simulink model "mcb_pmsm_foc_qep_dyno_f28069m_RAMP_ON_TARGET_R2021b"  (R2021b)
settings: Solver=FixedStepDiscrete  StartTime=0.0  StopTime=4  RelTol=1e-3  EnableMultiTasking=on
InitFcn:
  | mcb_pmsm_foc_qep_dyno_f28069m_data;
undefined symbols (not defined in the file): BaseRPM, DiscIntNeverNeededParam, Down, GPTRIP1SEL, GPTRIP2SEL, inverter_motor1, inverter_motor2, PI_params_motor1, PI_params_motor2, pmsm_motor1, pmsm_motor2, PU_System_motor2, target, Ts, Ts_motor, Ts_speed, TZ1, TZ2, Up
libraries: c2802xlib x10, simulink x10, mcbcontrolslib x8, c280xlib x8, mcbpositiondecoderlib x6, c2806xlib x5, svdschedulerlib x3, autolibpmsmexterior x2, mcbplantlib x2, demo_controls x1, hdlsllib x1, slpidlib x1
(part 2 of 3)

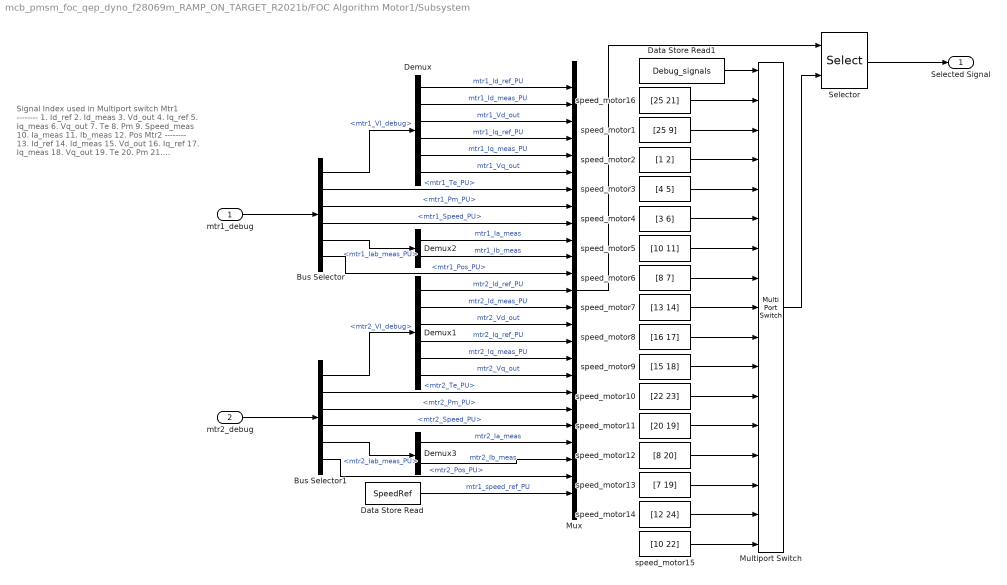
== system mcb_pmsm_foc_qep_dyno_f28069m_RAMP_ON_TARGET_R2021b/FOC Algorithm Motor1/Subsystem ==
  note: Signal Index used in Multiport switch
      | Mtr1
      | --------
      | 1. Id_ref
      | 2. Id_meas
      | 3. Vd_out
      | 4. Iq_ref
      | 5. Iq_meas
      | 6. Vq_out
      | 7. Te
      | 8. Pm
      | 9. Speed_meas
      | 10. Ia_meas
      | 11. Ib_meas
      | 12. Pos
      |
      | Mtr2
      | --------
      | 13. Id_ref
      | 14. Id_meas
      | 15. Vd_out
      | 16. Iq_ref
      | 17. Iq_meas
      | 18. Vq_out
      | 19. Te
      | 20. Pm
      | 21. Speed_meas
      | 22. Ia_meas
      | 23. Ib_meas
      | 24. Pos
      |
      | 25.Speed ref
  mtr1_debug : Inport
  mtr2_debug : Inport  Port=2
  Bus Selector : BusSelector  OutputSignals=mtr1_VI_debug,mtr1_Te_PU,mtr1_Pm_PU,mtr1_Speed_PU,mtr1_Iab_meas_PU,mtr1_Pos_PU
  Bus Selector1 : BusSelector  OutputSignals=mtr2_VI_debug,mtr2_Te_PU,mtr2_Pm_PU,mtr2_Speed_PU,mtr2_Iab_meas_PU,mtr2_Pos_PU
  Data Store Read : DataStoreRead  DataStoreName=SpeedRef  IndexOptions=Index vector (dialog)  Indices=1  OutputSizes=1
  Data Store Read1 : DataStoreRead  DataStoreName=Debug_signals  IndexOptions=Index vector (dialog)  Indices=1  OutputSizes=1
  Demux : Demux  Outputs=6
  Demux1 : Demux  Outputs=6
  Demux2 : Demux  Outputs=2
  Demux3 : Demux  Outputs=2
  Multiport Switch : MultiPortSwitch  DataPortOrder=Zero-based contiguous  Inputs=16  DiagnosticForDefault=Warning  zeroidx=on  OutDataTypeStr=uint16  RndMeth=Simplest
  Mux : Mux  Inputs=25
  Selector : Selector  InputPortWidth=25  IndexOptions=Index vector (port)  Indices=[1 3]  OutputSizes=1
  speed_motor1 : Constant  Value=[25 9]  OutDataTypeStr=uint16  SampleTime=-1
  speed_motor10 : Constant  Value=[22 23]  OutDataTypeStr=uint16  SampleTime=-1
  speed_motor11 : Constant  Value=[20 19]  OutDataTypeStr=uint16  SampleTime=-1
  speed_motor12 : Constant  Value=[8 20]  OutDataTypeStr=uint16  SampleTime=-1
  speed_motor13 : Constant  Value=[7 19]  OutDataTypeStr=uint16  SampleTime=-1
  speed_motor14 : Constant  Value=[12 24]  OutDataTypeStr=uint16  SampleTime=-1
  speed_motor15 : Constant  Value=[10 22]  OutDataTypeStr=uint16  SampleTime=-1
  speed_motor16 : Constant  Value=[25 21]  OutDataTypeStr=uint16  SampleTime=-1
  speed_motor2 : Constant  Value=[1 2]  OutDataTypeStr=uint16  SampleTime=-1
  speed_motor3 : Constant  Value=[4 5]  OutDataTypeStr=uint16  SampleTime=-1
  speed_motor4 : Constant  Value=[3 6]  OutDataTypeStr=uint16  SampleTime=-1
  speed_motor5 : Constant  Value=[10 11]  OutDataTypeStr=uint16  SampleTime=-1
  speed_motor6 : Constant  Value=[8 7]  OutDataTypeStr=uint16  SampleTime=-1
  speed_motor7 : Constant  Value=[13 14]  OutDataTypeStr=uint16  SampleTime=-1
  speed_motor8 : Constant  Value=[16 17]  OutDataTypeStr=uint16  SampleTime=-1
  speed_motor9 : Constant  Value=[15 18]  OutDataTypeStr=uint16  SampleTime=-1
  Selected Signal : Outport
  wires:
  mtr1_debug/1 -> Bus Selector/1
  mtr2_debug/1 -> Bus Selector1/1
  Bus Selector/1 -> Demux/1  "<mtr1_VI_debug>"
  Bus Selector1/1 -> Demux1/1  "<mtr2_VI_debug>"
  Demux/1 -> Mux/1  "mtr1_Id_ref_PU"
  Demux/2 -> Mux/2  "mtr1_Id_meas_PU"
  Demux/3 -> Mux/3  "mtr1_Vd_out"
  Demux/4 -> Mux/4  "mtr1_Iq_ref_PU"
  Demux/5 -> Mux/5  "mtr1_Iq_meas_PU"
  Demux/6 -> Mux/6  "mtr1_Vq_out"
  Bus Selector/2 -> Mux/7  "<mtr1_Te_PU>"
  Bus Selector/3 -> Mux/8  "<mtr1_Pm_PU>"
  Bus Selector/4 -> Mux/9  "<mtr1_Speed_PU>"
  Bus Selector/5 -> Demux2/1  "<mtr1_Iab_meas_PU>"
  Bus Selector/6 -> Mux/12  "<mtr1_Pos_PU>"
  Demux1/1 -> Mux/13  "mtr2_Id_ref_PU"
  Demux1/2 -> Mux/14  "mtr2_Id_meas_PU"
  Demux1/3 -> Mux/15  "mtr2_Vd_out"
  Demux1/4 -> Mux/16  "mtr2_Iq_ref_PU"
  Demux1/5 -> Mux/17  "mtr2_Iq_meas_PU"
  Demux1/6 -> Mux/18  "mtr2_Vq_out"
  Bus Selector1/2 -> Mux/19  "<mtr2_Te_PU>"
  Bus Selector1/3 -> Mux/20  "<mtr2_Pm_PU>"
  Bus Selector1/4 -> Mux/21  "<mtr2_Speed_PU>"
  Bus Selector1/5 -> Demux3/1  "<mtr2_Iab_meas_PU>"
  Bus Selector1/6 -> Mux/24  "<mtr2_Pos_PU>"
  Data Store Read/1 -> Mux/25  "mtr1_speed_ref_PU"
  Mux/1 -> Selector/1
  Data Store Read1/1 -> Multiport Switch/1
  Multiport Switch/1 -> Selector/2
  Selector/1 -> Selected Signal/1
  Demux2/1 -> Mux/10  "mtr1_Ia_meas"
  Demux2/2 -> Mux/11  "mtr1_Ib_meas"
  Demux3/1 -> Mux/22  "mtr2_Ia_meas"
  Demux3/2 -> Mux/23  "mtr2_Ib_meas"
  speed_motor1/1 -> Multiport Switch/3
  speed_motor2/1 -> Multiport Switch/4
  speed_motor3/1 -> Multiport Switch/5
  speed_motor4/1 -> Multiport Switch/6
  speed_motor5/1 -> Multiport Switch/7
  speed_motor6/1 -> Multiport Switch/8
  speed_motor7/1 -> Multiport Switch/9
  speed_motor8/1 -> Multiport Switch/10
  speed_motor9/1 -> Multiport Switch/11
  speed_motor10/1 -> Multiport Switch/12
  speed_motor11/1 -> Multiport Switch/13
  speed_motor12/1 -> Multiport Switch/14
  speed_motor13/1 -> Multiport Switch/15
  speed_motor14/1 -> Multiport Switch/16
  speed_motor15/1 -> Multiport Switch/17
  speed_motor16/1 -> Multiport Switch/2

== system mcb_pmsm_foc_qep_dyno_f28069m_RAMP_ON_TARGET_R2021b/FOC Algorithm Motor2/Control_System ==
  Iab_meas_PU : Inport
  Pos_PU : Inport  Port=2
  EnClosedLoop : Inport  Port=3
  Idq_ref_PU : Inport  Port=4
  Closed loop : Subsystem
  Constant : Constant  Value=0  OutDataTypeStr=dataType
· · · · · · ·
• _Problem requirements_:
Lines in scope run from the one holding "speed_motor8/1 -> Multiport Switch/10" to the last line of the material above; transcribe them exactly and omit the rest.

• _Answer box_:
  speed_motor8/1 -> Multiport Switch/10
  speed_motor9/1 -> Multiport Switch/11
  speed_motor10/1 -> Multiport Switch/12
  speed_motor11/1 -> Multiport Switch/13
  speed_motor12/1 -> Multiport Switch/14
  speed_motor13/1 -> Multiport Switch/15
  speed_motor14/1 -> Multiport Switch/16
  speed_motor15/1 -> Multiport Switch/17
  speed_motor16/1 -> Multiport Switch/2

== system mcb_pmsm_foc_qep_dyno_f28069m_RAMP_ON_TARGET_R2021b/FOC Algorithm Motor2/Control_System ==
  Iab_meas_PU : Inport
  Pos_PU : Inport  Port=2
  EnClosedLoop : Inport  Port=3
  Idq_ref_PU : Inport  Port=4
  Closed loop : Subsystem
  Constant : Constant  Value=0  OutDataTypeStr=dataType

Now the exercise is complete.